» Data supplied
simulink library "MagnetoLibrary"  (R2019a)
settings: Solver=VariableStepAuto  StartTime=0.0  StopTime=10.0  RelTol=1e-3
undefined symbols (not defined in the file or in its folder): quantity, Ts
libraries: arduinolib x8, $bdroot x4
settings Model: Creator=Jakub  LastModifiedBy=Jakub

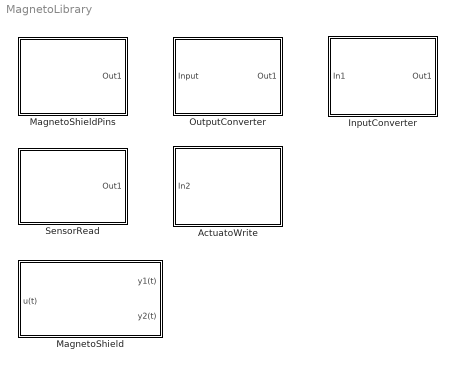
== system MagnetoLibrary ==
  ActuatoWrite : Subsystem  mask{Board=UNO/MEGA, Units=Volts}
      mask prompts: Board "Type of the Arduino board"; Units "Input unite"
      mask help:
      | ActuatorWrite block allows to set desired voltage value on the electromagnet. The desired value can be expresed as voltage, percentage of maximal possible voltage or as a value of the magnetic field in Gausses as well.
      | This block converts input control signal into suficient form (16-bit number) and writes the information on the MCP4725-DAC converter.
      | Maximal voltage range: 0-12 V
      mask init:
      | mask_popup = get_param(gcb,'Board'); % which popup is choosen
      | % path to the I2C Write block
      | system = gcb;
      | way = strcat(system,'/I2C Write UNO');
      | % set Module based on Arduino type
      | if strcmp(mask_popup(1),'U')
      |     set_param(way,'I2CModule','0'); % Uno/Mega - module 0
      | elseif strcmp(mask_popup(1),'D')
      |     set_param(way,'I2CModule','1'); % Due - module 1
      | end
      settings: CopyFcn=set_param(gcb, 'LinkStatus', 'inactive')
      mask TypeOptions Board: UNO/MEGA | DUE
      mask TypeOptions Units: Volts | Percents | DAC levels
      mask DialogControl DescGroupVar Prompt: ActuatorWrite block
      mask Display: image('assets\MagnetoFig\ActuatorWrite.bmp');
  InputConverter : Subsystem  mask{Units=Percents}
      mask prompts: Units "Choos input unit"
      mask help:
      | This block provide conversion between choosen input units and convert it into double number in range 0 to 4095. This converted size is suitable for "ActuatorWrite" block.
      | (input = double/output = double)
      mask init:
      | if Units==1
      | path = 'assets\MagnetoFig\InputCon\VtoDAC.bmp';
      | elseif Units==2
      | path = 'assets\MagnetoFig\InputCon\PERtoDAC.bmp';
      | else
      | path = 'assets\MagnetoFig\InputCon\DACtoDAC.bmp';    
      | end
      mask TypeOptions Units: Voltage | Percents | DAC levels
      mask DialogControl DescGroupVar Prompt: InputConverter block
      mask Display: image(path);
  MagnetoShield : Subsystem  mask{Board=UNO/MEGA, PositionType=Distance [mm], chackbox=on, Ts=0.001}
      mask prompts: Board "Type of the Arduino board"; PositionType "Position measured in:"; chackbox "Execute calibration at the biginning of the simulation"; Ts "Sampling period [s]"
      settings: CopyFcn=set_param(gcb, 'LinkStatus', 'inactive')
      mask TypeOptions Board: UNO/MEGA | DUE
      mask TypeOptions PositionType: Distance [mm] | Percents [%]
      mask DialogControl ParameterGroupVar Prompt: Arduino board
  MagnetoShieldPins : Subsystem  mask{PIN=Hall sensor pin (A3), sampling=0.001}
      mask prompts: PIN "Choose pin"; sampling "Sampling period [s]"
      mask help:
      | User can choose a pin on which the data should be processed.
      | >Hall sensor pin - data about the possition of the levitating magnet.
      | >Voltage pin - voltage on the electromagnet
      | >Current pin - current crossing the electromagnet
      | >Reference pin - data from potentiometer, used as adjustable analog reference
      | (output = double)
      mask init:
      | letter = PIN;
      | if letter==1
      | path='assets\MagnetoFig\Pins\hpin.bmp';
      | elseif letter==2
      | path='assets\MagnetoFig\Pins\vpin.bmp';
      | elseif letter==3
      | path='assets\MagnetoFig\Pins\cpin.bmp';
      | else
      | path='assets\MagnetoFig\Pins\ppin.bmp';    
      | end
      settings: CopyFcn=set_param(gcb, 'LinkStatus', 'inactive')
      mask TypeOptions PIN: Hall sensor pin (A3) | Voltage pin (A1) | Current pin (A2) | Reference pin (A0)
      mask Callback PIN:
      | mask_popup = get_param(gcb,'PIN'); % which popup is choosen
      | % path to the I2C Write block
      | system = gcb;
      | way = strcat(system,'/Analog Input');
      | % set Module based on Arduino type
      | if strcmp(mask_popup(1),'H')
      |     set_param(way,'pinNumber','3'); % Uno/Mega - module 0
      | elseif strcmp(mask_popup(1),'V')
      |     set_param(way,'pinNumber','1'); % Due - module 1
      | elseif strcmp(mask_popup(1),'C')
      |     set_param(way,'pinNumber','2'); % Due - module 1
      | elseif strcmp(mask_popup(1),'R')
      |     set_param(way,'pinNumber','0'); % Due - module 11
      | end
      mask DialogControl DescGroupVar Prompt: MagnetoShieldPins block
      mask Display: image(path);
  OutputConverter : Subsystem  mask{BoardType=UNO/MEGA, Units=Position, Pos=Distance, Dconst1=3.233100, Dconst2=0.220571, ADCmin_UNO=27, ADCmax_UNO=776, ADCmin_DUE=100, ADCmax_DUE=2315, ChackBox=off, VoltGain=4, CurrGain=33.333333, Parameter13=on}
      mask prompts: BoardType "Type of the Arduino board"; Units "Measured quantity"; Pos "Position unites"; Dconst1 "Position constant 1"; Dconst2 "Position constant 2"; ADCmin_UNO "Minimal ADC value uno"; ADCmax_UNO "Maximal  ADC value uno"; ADCmin_DUE "Minimal ADC value"; ADCmax_DUE "Maximal  ADC value"; ChackBox "Advanced options"; VoltGain "Voltage gain"; CurrGain "Current gain"; Parameter13 "Len pre funkcionalitu"
      mask help:
      | This block converts output signal from the system into choosen physical unit.
      | Entering signal is in the form of 8-bit number for Arduino UNO/MEGA or 12-bit number for Arduino DUE. Value on the output is defined by the choosen unit and possibly by the adjustnemts of these quantities.
      | Prefered input values from "MagnetoShieldPins" block.
      | (input = double/output = double)
      mask init:
      | if Units == 1 %position
      |         if Pos == 1 %mm
      |             path = 'assets\MagnetoFig\OutputCon\ADCtoMM.bmp'
      |         elseif Pos == 2 % percents
      |             path = 'assets\MagnetoFig\OutputCon\ADCtoPer.bmp'
      |         elseif Pos == 3 %gauss
      |            path = 'assets\MagnetoFig\OutputCon\ADCtoGauss.bmp' 
      |         else % adc levels
      |             path = 'assets\MagnetoFig\OutputCon\ADCtoADC.bmp'
      |         end
      |     elseif Units == 2 %voltage
      |         path = 'assets\MagnetoFig\OutputCon\ADCtoVolt.bmp'
      |     elseif Units == 3 %current
      |         path = 'assets\MagnetoFig\OutputCon\ADCtoAmp.bmp'
      |     else %analog reference
      |         path = 'assets\MagnetoFig\OutputCon\ADCtoRef.bmp'
      |     end
      mask TypeOptions BoardType: UNO/MEGA | DUE
      mask Callback BoardType:
      | mask_popup = get_param(gcb,'Units'); %Vyber meranej veliciny - Napatie/Prud/Poloha/Referencia
      | 
      | if strcmp(mask_popup(1),'P') %Ak meriam polohu
      |     set_param(gcb,'MaskVisibilities',{'on','on','on','off','off','off','off','off','off','off','off','off','off'});
      |     MeassurePos = get_param(gcb,'Pos'); %V com meriam polohu - Gauss/Vyska/Percenta/ADC
      |     if strcmp(MeassurePos(1),'D')
      |         set_param(gcb,'MaskVisibilities',{'on','on','on','on','on','off','off','off','off','off','off','off','off'});
      |     elseif strcmp(MeassurePos(1),'P')
      |         TypeOfBoard = get_param(gcb,'BoardType'); %Ak meriam v %, aku mam dosku?
      |         if strcmp(TypeOfBoard(1),'U')
      |             set_param(gcb,'MaskVisibilities',{'on','on','on','off','off','on','on','off','off','off','off','off','off'});
      |         else
      |             set_param(gcb,'MaskVisibilities',{'on','on','on','off','off','off','off','on','on','off','off','off','off'});
      |         end
      |     elseif strcmp(MeassurePos(1),'G')
      |         set_param(gcb,'MaskVisibilities',{'on','on','on','off','off','off','off','off','off','off','off','off','off'});
      |     else
      |         set_param(gcb,'MaskVisibilities',{'on','on','on','off','off','off','off','off','off','off','off','off','off'});
      |     end
      | elseif strcmp(mask_popup(1),'V') %Ak meriam napatie
      |     set_param(gcb,'MaskVisibilities',{'on','on','off','off','off','off','off','off','off','on','off','off','off'});
      |     mask_popupV = get_param(gcb,'ChackBox');
      |     if strcmp(mask_popupV(1),'o') & strcmp(mask_popupV(2),'n')%mask_popup == 'on'
      |         set_param(gcb,'MaskVisibilities',{'on','on','off','off','off','off','off','off','off','on','on','on','off'});
      |     else
      |         set_param(gcb,'MaskVisibilities',{'on','on','off','off','off','off','off','off','off','on','off','off','off'});
      |     end
      | elseif strcmp(mask_popup(1),'C') %Ak meriam prud
      |     set_param(gcb,'MaskVisibilities',{'on','on','off','off','off','off','off','off','off','on','off','off','off'});
      |     mask_popupC = get_param(gcb,'ChackBox');
      |     if strcmp(mask_popupC(1),'o') & strcmp(mask_popupC(2),'n')%mask_popup == 'on'
      |         set_param(gcb,'MaskVisibilities',{'on','on','off','off','off','off','off','off','off','on','on','on','off'});
      |     else
      |         set_param(gcb,'MaskVisibilities',{'on','on','off','off','off','off','off','off','off','on','off','off','off'});
      |     end
      | else %Ak meriam referenciu
      |     set_param(gcb,'MaskVisibilities',{'on','on','off','off','off','off','off','off','off','off','off','off','off'});
      | end
      mask TypeOptions Units: Position | Voltage [V] | Current [mA] | Analog reference [%]
      mask Callback Units:
      | mask_popup = get_param(gcb,'Units'); %Vyber meranej veliciny - Napatie/Prud/Poloha/Referencia
      | 
      | if strcmp(mask_popup(1),'P') %Ak meriam polohu
      |     set_param(gcb,'MaskVisibilities',{'on','on','on','off','off','off','off','off','off','off','off','off','off'});
      |     MeassurePos = get_param(gcb,'Pos'); %V com meriam polohu - Gauss/Vyska/Percenta/ADC
      |     if strcmp(MeassurePos(1),'D')
      |         set_param(gcb,'MaskVisibilities',{'on','on','on','on','on','off','off','off','off','off','off','off','off'});
      |     elseif strcmp(MeassurePos(1),'P')
      |         TypeOfBoard = get_param(gcb,'BoardType'); %Ak meriam v %, aku mam dosku?
      |         if strcmp(TypeOfBoard(1),'U')
      |             set_param(gcb,'MaskVisibilities',{'on','on','on','off','off','on','on','off','off','off','off','off','off'});
      |         else
      |             set_param(gcb,'MaskVisibilities',{'on','on','on','off','off','off','off','on','on','off','off','off','off'});
      |         end
      |     elseif strcmp(MeassurePos(1),'G')
      |         set_param(gcb,'MaskVisibilities',{'on','on','on','off','off','off','off','off','off','off','off','off','off'});
      |     else
      |         set_param(gcb,'MaskVisibilities',{'on','on','on','off','off','off','off','off','off','off','off','off','off'});
      |     end
      | elseif strcmp(mask_popup(1),'V') %Ak meriam napatie
      |     set_param(gcb,'MaskVisibilities',{'on','on','off','off','off','off','off','off','off','on','off','off','off'});
      |     mask_popupV = get_param(gcb,'ChackBox');
      |     if strcmp(mask_popupV(1),'o') & strcmp(mask_popupV(2),'n')%mask_popup == 'on'
      |         set_param(gcb,'MaskVisibilities',{'on','on','off','off','off','off','off','off','off','on','on','on','off'});
      |     else
      |         set_param(gcb,'MaskVisibilities',{'on','on','off','off','off','off','off','off','off','on','off','off','off'});
      |     end
      | elseif strcmp(mask_popup(1),'C') %Ak meriam prud
      |     set_param(gcb,'MaskVisibilities',{'on','on','off','off','off','off','off','off','off','on','off','off','off'});
      |     mask_popupC = get_param(gcb,'ChackBox');
      |     if strcmp(mask_popupC(1),'o') & strcmp(mask_popupC(2),'n')%mask_popup == 'on'
      |         set_param(gcb,'MaskVisibilities',{'on','on','off','off','off','off','off','off','off','on','on','on','off'});
      |     else
      |         set_param(gcb,'MaskVisibilities',{'on','on','off','off','off','off','off','off','off','on','off','off','off'});
      |     end
      | else %Ak meriam referenciu
      |     set_param(gcb,'MaskVisibilities',{'on','on','off','off','off','off','off','off','off','off','off','off','off'});
      | end
      mask TypeOptions Pos: Distance | Percents | Gauss | ADC levels
      mask Callback Pos:
      | MeassurePos = get_param(gcb,'Pos'); %V com meriam polohu - Gauss/Vyska/Percenta/ADC
      |     if strcmp(MeassurePos(1),'D')
      |         set_param(gcb,'MaskVisibilities',{'on','on','on','on','on','off','off','off','off','off','off','off','off'});
      |     elseif strcmp(MeassurePos(1),'P')
      |         TypeOfBoard = get_param(gcb,'BoardType'); %Ak meriam v %, aku mam dosku?
      |         if strcmp(TypeOfBoard(1),'U')
      |             set_param(gcb,'MaskVisibilities',{'on','on','on','off','off','on','on','off','off','off','off','off','off'});
      |         else
      |             set_param(gcb,'MaskVisibilities',{'on','on','on','off','off','off','off','on','on','off','off','off','off'});
      |         end
      |     elseif strcmp(MeassurePos(1),'G')
      |         set_param(gcb,'MaskVisibilities',{'on','on','on','off','off','off','off','off','off','off','off','off','off'});
      |     else
      |         set_param(gcb,'MaskVisibilities',{'on','on','on','off','off','off','off','off','off','off','off','off','off'});
      |     end
      mask Callback ChackBox:
      | mask_popup = get_param(gcb,'ChackBox');
      | 
      | if strcmp(mask_popup(1),'o') & strcmp(mask_popup(2),'n')%mask_popup == 'on'
      |     set_param(gcb,'MaskVisibilities',{'on','on','off','off','off','off','off','off','off','on','on','on','off'});
      | else
      |     set_param(gcb,'MaskVisibilities',{'on','on','off','off','off','off','off','off','off','on','off','off','off'});
      | end
      mask Callback Parameter13:
      | mask_popup = get_param(gcb,'Units'); %Vyber meranej veliciny - Napatie/Prud/Poloha/Referencia
      | 
      | if strcmp(mask_popup(1),'P') %Ak meriam polohu
      |     set_param(gcb,'MaskVisibilities',{'on','on','on','off','off','off','off','off','off','off','off','off','off'});
      |     MeassurePos = get_param(gcb,'Pos'); %V com meriam polohu - Gauss/Vyska/Percenta/ADC
      |     if strcmp(MeassurePos(1),'D')
      |         set_param(gcb,'MaskVisibilities',{'on','on','on','on','on','off','off','off','off','off','off','off','off'});
      |     elseif strcmp(MeassurePos(1),'P')
      |         TypeOfBoard = get_param(gcb,'BoardType'); %Ak meriam v %, aku mam dosku?
      |         if strcmp(TypeOfBoard(1),'U')
      |             set_param(gcb,'MaskVisibilities',{'on','on','on','off','off','on','on','off','off','off','off','off','off'});
      |         else
      |             set_param(gcb,'MaskVisibilities',{'on','on','on','off','off','off','off','on','on','off','off','off','off'});
      |         end
      |     elseif strcmp(MeassurePos(1),'G')
      |         set_param(gcb,'MaskVisibilities',{'on','on','on','off','off','off','off','off','off','off','off','off','off'});
      |     else
      |         set_param(gcb,'MaskVisibilities',{'on','on','on','off','off','off','off','off','off','off','off','off','off'});
      |     end
      | elseif strcmp(mask_popup(1),'V') %Ak meriam napatie
      |     set_param(gcb,'MaskVisibilities',{'on','on','off','off','off','off','off','off','off','on','off','off','off'});
      |     mask_popupV = get_param(gcb,'ChackBox');
      |     if strcmp(mask_popupV(1),'o') & strcmp(mask_popupV(2),'n')%mask_popup == 'on'
      |         set_param(gcb,'MaskVisibilities',{'on','on','off','off','off','off','off','off','off','on','on','on','off'});
      |     else
      |         set_param(gcb,'MaskVisibilities',{'on','on','off','off','off','off','off','off','off','on','off','off','off'});
      |     end
      | elseif strcmp(mask_popup(1),'C') %Ak meriam prud
      |     set_param(gcb,'MaskVisibilities',{'on','on','off','off','off','off','off','off','off','on','off','off','off'});
      |     mask_popupC = get_param(gcb,'ChackBox');
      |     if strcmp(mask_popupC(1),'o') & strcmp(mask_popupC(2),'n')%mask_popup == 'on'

» Task to carry out
Start at the top of the entries and repeat each line exactly, ending at the line that contains "path = 'assets\MagnetoFig\InputCon\PERtoDAC.bmp';". Pictures are not part of the copy.

» Solution for this task
simulink library "MagnetoLibrary"  (R2019a)
settings: Solver=VariableStepAuto  StartTime=0.0  StopTime=10.0  RelTol=1e-3
undefined symbols (not defined in the file or in its folder): quantity, Ts
libraries: arduinolib x8, $bdroot x4
settings Model: Creator=Jakub  LastModifiedBy=Jakub

== system MagnetoLibrary ==
  ActuatoWrite : Subsystem  mask{Board=UNO/MEGA, Units=Volts}
      mask prompts: Board "Type of the Arduino board"; Units "Input unite"
      mask help:
      | ActuatorWrite block allows to set desired voltage value on the electromagnet. The desired value can be expresed as voltage, percentage of maximal possible voltage or as a value of the magnetic field in Gausses as well.
      | This block converts input control signal into suficient form (16-bit number) and writes the information on the MCP4725-DAC converter.
      | Maximal voltage range: 0-12 V
      mask init:
      | mask_popup = get_param(gcb,'Board'); % which popup is choosen
      | % path to the I2C Write block
      | system = gcb;
      | way = strcat(system,'/I2C Write UNO');
      | % set Module based on Arduino type
      | if strcmp(mask_popup(1),'U')
      |     set_param(way,'I2CModule','0'); % Uno/Mega - module 0
      | elseif strcmp(mask_popup(1),'D')
      |     set_param(way,'I2CModule','1'); % Due - module 1
      | end
      settings: CopyFcn=set_param(gcb, 'LinkStatus', 'inactive')
      mask TypeOptions Board: UNO/MEGA | DUE
      mask TypeOptions Units: Volts | Percents | DAC levels
      mask DialogControl DescGroupVar Prompt: ActuatorWrite block
      mask Display: image('assets\MagnetoFig\ActuatorWrite.bmp');
  InputConverter : Subsystem  mask{Units=Percents}
      mask prompts: Units "Choos input unit"
      mask help:
      | This block provide conversion between choosen input units and convert it into double number in range 0 to 4095. This converted size is suitable for "ActuatorWrite" block.
      | (input = double/output = double)
      mask init:
      | if Units==1
      | path = 'assets\MagnetoFig\InputCon\VtoDAC.bmp';
      | elseif Units==2
      | path = 'assets\MagnetoFig\InputCon\PERtoDAC.bmp';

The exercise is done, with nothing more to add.